_EXERCISE DIRECTIONS_: Please copy, exactly as they appear below, the lines from the one containing "#36=CARTESIAN_POINT('',(8.45821005553814,0.,-8.05877633297021));" through the one containing "#45=LINE('',#44,#43);".

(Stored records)
>>
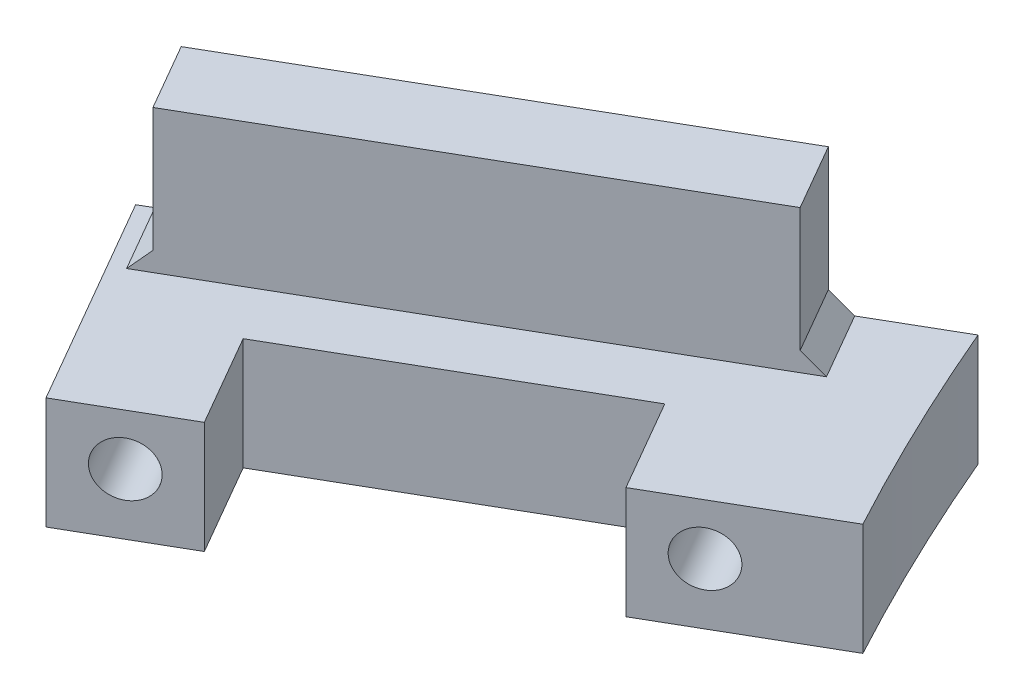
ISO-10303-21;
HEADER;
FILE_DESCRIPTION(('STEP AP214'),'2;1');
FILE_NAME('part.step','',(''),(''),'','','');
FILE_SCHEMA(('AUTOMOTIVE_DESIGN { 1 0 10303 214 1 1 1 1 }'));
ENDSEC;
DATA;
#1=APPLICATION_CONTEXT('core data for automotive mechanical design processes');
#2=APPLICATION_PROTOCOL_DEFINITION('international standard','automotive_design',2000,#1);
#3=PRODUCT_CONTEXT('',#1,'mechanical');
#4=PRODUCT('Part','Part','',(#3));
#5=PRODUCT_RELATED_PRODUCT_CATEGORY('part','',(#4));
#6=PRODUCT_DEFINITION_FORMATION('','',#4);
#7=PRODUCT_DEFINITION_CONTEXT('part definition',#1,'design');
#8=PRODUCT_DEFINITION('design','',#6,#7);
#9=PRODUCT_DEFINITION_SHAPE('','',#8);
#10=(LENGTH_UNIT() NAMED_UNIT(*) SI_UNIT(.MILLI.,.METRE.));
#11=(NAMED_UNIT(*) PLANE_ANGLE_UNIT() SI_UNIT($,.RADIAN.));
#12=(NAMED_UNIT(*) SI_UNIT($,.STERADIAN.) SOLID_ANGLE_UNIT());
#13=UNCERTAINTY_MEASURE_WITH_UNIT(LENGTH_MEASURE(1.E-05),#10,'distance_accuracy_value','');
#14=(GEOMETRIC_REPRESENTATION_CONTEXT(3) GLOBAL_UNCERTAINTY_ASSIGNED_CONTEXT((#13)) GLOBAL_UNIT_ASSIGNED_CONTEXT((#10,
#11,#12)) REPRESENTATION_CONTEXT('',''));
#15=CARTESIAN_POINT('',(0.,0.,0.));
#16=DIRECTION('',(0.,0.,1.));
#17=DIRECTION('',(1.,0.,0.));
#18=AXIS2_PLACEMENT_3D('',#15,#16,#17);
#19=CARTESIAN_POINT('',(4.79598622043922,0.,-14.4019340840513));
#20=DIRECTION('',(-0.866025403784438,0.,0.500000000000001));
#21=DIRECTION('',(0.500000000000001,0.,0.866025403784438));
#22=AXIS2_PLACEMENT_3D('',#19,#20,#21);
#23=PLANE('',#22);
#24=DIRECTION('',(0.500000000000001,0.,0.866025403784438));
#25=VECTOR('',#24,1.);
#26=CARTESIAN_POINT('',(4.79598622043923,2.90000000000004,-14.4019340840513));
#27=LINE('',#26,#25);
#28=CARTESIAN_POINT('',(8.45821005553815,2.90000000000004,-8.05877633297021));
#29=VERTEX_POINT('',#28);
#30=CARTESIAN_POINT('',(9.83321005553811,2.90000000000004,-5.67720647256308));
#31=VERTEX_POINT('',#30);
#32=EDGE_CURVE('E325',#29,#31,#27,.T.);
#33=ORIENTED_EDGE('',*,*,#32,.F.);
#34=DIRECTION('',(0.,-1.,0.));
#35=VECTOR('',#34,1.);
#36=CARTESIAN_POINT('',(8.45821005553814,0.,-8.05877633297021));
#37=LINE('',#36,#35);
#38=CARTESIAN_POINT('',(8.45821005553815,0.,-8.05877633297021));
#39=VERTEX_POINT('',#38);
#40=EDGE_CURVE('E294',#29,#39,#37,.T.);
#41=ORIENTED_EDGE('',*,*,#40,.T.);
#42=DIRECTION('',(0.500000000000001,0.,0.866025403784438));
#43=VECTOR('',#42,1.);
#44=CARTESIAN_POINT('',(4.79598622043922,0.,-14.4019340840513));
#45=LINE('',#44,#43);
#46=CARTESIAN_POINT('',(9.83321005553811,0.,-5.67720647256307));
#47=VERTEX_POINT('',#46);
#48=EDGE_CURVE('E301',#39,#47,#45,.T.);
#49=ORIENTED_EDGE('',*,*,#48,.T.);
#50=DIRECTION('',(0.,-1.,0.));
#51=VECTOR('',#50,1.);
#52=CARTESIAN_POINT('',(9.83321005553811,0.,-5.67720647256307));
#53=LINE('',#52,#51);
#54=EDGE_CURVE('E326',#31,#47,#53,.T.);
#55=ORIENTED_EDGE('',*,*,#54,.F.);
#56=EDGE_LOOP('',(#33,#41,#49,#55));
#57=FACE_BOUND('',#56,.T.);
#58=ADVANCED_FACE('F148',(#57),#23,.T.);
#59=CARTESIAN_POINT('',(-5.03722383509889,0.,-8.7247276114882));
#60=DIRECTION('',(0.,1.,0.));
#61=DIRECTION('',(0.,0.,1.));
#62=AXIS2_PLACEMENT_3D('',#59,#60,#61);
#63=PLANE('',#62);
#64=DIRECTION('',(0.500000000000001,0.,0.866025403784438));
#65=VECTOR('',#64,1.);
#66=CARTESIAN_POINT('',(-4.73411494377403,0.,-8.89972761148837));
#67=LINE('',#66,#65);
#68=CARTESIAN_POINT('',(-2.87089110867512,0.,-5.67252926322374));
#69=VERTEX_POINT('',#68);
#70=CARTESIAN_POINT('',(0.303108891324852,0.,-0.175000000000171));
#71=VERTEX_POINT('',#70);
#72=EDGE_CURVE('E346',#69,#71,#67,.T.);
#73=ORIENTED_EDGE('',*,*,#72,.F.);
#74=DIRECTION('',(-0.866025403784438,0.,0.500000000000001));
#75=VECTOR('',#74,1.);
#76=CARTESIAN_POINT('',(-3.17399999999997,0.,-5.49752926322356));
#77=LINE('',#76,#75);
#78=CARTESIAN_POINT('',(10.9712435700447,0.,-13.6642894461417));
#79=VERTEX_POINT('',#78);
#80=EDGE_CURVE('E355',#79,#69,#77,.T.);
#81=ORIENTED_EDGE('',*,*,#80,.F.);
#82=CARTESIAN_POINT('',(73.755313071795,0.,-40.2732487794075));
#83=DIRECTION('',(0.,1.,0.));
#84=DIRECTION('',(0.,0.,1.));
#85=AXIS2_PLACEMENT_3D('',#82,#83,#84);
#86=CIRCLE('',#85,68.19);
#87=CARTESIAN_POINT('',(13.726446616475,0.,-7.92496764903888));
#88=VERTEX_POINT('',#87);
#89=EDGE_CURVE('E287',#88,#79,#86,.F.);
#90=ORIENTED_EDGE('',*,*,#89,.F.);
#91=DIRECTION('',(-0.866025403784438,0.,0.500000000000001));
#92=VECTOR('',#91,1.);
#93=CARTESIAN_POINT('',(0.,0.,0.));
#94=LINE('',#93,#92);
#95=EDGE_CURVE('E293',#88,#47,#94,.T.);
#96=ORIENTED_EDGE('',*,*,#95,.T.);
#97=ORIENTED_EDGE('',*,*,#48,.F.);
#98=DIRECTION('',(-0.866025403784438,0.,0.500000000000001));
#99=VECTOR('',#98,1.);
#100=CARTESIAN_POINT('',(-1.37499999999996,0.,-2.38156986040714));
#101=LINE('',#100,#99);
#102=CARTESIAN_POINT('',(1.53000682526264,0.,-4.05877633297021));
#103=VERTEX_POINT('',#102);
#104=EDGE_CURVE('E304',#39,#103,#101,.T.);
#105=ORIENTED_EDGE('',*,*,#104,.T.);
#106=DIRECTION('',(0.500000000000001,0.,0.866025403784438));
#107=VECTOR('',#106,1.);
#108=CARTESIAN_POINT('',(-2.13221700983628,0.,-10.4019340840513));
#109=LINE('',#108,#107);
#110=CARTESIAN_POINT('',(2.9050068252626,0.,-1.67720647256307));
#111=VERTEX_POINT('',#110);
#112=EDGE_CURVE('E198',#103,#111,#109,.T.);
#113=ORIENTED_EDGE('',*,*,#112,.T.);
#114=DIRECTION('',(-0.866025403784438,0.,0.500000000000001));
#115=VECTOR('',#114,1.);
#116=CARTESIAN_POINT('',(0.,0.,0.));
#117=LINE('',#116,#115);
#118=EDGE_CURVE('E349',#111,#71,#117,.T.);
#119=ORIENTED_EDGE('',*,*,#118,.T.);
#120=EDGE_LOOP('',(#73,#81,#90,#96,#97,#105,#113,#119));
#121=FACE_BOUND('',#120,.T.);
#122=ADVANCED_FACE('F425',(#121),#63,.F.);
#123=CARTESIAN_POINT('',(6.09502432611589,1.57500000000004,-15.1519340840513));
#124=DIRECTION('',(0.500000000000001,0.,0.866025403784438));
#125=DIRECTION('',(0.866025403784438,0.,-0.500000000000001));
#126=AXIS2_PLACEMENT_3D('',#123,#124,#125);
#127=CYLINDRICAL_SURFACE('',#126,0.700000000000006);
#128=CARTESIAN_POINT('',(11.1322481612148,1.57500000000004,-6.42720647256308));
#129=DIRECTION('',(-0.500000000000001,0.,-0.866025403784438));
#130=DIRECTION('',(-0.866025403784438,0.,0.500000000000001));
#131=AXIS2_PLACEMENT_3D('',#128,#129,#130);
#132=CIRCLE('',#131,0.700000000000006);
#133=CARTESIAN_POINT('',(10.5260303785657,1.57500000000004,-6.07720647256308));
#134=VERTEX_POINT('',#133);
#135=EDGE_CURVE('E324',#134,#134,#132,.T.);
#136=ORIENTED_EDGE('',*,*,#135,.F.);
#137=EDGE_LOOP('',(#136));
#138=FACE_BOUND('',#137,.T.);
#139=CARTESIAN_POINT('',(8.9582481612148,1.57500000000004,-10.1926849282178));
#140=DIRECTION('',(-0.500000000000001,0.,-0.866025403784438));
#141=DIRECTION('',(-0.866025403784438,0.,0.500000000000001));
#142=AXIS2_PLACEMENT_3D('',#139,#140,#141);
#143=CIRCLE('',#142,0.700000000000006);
<<
_OUTPUT OF THE TASK_:
#36=CARTESIAN_POINT('',(8.45821005553814,0.,-8.05877633297021));
#37=LINE('',#36,#35);
#38=CARTESIAN_POINT('',(8.45821005553815,0.,-8.05877633297021));
#39=VERTEX_POINT('',#38);
#40=EDGE_CURVE('E294',#29,#39,#37,.T.);
#41=ORIENTED_EDGE('',*,*,#40,.T.);
#42=DIRECTION('',(0.500000000000001,0.,0.866025403784438));
#43=VECTOR('',#42,1.);
#44=CARTESIAN_POINT('',(4.79598622043922,0.,-14.4019340840513));
#45=LINE('',#44,#43);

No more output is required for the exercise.